*YOUR OBJECTIVE*
The tail of the records, from the line containing "sigma_avg : Outport" through the final line, should be printed exactly and on its own.

*DATA FOR THIS EXERCISE*
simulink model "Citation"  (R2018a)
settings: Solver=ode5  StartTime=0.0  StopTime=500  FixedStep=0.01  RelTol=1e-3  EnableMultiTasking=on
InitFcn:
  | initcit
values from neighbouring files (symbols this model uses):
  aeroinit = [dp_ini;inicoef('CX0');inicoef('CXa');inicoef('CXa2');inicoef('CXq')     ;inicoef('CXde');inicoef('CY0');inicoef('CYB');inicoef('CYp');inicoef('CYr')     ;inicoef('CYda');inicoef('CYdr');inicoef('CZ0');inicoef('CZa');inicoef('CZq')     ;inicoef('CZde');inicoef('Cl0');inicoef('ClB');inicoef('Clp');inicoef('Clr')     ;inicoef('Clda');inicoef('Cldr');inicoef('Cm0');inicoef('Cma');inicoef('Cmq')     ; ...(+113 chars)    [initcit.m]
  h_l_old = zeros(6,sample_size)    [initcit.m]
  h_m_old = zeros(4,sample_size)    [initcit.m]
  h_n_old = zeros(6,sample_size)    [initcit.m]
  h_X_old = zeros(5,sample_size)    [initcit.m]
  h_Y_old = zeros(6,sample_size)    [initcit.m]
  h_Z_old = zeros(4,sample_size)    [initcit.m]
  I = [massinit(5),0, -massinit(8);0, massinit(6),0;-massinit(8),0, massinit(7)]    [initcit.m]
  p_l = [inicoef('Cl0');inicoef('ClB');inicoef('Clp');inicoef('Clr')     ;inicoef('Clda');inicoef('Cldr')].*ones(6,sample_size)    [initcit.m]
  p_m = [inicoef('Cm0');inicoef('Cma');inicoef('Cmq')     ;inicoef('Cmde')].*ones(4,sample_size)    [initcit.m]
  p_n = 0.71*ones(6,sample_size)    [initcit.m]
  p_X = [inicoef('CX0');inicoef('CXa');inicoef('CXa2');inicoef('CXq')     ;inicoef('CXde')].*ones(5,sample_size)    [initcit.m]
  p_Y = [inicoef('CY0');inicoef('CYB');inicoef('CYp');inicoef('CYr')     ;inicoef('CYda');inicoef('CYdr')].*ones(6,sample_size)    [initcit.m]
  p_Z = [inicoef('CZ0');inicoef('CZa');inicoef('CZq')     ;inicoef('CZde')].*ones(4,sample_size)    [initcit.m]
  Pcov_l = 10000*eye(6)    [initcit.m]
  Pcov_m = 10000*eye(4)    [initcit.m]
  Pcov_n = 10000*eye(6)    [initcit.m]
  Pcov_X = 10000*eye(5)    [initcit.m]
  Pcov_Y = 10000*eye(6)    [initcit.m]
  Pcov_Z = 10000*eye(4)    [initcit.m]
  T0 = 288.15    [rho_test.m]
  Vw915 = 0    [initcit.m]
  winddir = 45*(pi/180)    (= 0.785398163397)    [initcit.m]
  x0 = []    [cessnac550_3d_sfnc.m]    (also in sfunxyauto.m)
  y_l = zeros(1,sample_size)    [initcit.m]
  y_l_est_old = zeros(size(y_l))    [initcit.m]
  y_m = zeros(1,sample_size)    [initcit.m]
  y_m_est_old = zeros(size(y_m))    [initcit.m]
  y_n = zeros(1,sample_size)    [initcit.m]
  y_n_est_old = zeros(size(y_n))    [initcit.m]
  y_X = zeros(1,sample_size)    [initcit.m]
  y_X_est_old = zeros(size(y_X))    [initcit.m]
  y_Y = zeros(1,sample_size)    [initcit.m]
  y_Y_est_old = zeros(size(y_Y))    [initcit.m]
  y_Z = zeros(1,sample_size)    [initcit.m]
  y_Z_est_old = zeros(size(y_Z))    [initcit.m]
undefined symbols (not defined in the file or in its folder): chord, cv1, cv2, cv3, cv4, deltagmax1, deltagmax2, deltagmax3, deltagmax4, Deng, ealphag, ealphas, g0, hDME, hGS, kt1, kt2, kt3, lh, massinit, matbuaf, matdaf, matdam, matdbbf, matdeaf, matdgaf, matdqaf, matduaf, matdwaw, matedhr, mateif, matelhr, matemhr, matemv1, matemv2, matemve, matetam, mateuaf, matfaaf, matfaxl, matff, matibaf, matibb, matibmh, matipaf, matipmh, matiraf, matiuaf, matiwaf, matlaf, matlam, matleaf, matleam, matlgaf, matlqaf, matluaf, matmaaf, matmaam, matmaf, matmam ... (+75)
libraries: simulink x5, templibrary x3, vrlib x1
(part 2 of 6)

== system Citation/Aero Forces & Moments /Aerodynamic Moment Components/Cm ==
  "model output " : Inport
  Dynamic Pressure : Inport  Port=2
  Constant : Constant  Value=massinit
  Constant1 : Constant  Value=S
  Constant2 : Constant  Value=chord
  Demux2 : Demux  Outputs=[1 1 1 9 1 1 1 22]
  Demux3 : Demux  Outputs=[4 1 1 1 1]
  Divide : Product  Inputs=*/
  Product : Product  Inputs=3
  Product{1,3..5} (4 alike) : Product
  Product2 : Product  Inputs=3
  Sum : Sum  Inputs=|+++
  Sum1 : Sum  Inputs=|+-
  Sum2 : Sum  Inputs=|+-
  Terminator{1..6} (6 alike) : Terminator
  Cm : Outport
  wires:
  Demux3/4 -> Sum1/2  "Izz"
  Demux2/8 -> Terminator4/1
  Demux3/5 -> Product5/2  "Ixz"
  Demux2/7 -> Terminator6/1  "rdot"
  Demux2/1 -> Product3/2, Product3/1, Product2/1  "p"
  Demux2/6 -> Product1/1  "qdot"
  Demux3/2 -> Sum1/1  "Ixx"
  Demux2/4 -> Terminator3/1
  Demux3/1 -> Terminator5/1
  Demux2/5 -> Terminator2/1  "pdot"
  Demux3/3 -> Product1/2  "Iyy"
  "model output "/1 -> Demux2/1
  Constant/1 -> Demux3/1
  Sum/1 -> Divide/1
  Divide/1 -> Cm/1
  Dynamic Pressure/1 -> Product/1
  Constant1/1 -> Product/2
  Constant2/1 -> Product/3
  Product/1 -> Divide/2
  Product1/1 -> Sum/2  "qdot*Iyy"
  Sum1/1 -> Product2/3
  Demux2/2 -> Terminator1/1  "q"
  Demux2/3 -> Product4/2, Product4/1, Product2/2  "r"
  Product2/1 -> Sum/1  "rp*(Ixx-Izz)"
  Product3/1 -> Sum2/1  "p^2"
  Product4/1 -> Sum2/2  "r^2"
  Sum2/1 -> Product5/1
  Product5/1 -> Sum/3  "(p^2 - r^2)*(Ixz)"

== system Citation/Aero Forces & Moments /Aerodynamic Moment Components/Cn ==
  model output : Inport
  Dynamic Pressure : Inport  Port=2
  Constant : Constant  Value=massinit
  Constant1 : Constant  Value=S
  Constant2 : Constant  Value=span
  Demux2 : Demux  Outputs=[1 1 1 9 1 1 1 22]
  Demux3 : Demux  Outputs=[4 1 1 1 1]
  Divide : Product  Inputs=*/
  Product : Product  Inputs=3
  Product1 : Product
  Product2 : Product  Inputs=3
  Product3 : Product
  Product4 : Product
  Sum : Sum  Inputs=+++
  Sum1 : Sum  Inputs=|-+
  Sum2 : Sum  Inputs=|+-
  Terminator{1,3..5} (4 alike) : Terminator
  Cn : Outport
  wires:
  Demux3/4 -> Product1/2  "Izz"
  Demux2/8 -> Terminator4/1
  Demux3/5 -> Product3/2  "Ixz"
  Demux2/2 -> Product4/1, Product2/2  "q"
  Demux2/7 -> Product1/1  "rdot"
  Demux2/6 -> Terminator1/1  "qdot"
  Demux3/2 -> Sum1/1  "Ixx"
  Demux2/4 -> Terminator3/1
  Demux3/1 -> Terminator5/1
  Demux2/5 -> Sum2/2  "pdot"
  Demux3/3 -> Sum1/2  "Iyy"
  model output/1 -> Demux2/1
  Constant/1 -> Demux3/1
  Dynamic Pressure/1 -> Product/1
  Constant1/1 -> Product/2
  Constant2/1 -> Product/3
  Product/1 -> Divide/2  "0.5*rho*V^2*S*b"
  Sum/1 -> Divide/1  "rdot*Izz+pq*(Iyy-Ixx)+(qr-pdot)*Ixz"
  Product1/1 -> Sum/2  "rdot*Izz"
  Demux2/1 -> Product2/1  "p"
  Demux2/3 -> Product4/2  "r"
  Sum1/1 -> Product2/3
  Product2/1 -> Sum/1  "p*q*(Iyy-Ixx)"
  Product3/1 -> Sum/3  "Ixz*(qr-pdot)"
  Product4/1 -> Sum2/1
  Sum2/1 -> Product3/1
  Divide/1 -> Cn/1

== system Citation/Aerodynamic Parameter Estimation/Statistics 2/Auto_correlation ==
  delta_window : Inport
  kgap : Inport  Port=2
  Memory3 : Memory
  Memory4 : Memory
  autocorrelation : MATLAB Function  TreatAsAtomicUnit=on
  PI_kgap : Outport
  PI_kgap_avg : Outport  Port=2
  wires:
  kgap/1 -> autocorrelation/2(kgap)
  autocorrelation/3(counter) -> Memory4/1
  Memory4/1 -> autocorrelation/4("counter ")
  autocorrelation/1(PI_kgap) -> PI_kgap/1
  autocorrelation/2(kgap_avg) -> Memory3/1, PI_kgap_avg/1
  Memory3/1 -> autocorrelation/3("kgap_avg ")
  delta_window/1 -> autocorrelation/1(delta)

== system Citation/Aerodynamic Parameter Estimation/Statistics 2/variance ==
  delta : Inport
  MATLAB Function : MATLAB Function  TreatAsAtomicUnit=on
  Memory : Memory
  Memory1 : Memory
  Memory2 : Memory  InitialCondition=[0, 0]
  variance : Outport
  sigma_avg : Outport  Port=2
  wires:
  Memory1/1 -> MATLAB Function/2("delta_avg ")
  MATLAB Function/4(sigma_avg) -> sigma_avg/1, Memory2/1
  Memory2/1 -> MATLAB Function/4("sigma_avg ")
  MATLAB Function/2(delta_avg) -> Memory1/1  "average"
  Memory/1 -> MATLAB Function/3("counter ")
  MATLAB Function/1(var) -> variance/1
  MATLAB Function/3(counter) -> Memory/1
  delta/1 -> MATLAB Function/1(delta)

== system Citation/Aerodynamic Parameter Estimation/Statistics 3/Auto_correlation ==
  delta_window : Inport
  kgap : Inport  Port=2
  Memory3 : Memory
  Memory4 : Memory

*RESPONSE AREA*
  sigma_avg : Outport  Port=2
  wires:
  Memory1/1 -> MATLAB Function/2("delta_avg ")
  MATLAB Function/4(sigma_avg) -> sigma_avg/1, Memory2/1
  Memory2/1 -> MATLAB Function/4("sigma_avg ")
  MATLAB Function/2(delta_avg) -> Memory1/1  "average"
  Memory/1 -> MATLAB Function/3("counter ")
  MATLAB Function/1(var) -> variance/1
  MATLAB Function/3(counter) -> Memory/1
  delta/1 -> MATLAB Function/1(delta)

== system Citation/Aerodynamic Parameter Estimation/Statistics 3/Auto_correlation ==
  delta_window : Inport
  kgap : Inport  Port=2
  Memory3 : Memory
  Memory4 : Memory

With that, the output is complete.